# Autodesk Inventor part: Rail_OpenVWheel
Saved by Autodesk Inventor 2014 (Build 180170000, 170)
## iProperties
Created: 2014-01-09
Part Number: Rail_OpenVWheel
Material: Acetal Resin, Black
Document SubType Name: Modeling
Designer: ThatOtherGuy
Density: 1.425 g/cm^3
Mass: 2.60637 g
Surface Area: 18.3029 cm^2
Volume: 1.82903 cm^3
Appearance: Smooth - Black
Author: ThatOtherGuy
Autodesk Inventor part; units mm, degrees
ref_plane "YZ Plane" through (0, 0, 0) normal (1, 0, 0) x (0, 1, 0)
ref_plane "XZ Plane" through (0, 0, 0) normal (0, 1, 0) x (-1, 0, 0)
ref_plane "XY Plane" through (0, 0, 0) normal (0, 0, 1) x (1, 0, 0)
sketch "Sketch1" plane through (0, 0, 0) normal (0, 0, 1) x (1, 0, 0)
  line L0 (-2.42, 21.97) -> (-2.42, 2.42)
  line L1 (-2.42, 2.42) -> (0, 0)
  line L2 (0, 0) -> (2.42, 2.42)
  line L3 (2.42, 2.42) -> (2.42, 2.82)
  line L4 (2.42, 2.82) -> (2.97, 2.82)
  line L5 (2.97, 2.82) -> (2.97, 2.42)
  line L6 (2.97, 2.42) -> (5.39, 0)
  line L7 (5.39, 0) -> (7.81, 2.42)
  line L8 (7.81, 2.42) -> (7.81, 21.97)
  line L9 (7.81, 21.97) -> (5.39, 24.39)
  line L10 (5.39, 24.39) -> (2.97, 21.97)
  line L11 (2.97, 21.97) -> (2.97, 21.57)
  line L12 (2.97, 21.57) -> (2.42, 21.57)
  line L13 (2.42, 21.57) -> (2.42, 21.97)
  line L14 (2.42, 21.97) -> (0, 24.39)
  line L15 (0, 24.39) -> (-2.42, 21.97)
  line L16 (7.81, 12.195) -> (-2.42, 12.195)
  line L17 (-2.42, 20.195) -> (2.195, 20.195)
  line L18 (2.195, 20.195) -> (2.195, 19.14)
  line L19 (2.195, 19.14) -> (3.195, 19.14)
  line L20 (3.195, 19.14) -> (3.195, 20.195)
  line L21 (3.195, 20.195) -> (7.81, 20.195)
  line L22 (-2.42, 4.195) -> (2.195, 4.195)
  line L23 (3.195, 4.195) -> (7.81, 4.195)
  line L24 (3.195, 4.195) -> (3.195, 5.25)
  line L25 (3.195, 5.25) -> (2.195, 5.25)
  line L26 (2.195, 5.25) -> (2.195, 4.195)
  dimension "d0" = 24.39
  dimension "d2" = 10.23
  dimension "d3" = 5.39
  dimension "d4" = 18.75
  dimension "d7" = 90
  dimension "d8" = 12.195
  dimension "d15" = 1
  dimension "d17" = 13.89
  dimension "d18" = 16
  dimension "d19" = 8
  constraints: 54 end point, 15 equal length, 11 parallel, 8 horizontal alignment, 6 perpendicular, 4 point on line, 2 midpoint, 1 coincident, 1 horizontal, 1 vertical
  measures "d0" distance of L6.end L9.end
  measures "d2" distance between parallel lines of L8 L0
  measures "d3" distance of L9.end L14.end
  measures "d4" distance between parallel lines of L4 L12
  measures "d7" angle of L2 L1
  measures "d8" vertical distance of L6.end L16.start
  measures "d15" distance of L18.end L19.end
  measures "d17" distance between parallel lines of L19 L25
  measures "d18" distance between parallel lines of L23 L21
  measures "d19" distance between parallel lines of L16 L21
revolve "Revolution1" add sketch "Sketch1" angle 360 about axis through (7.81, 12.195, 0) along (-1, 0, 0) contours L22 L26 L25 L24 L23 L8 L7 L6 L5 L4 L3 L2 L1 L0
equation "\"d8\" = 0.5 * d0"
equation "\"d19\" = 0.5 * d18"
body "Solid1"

^^^^^^^^^^^^^^^^

__Instructions to follow__
What is the number of lines in the data that include the word "ThatOtherGuy"? State only that number.

__Result__
2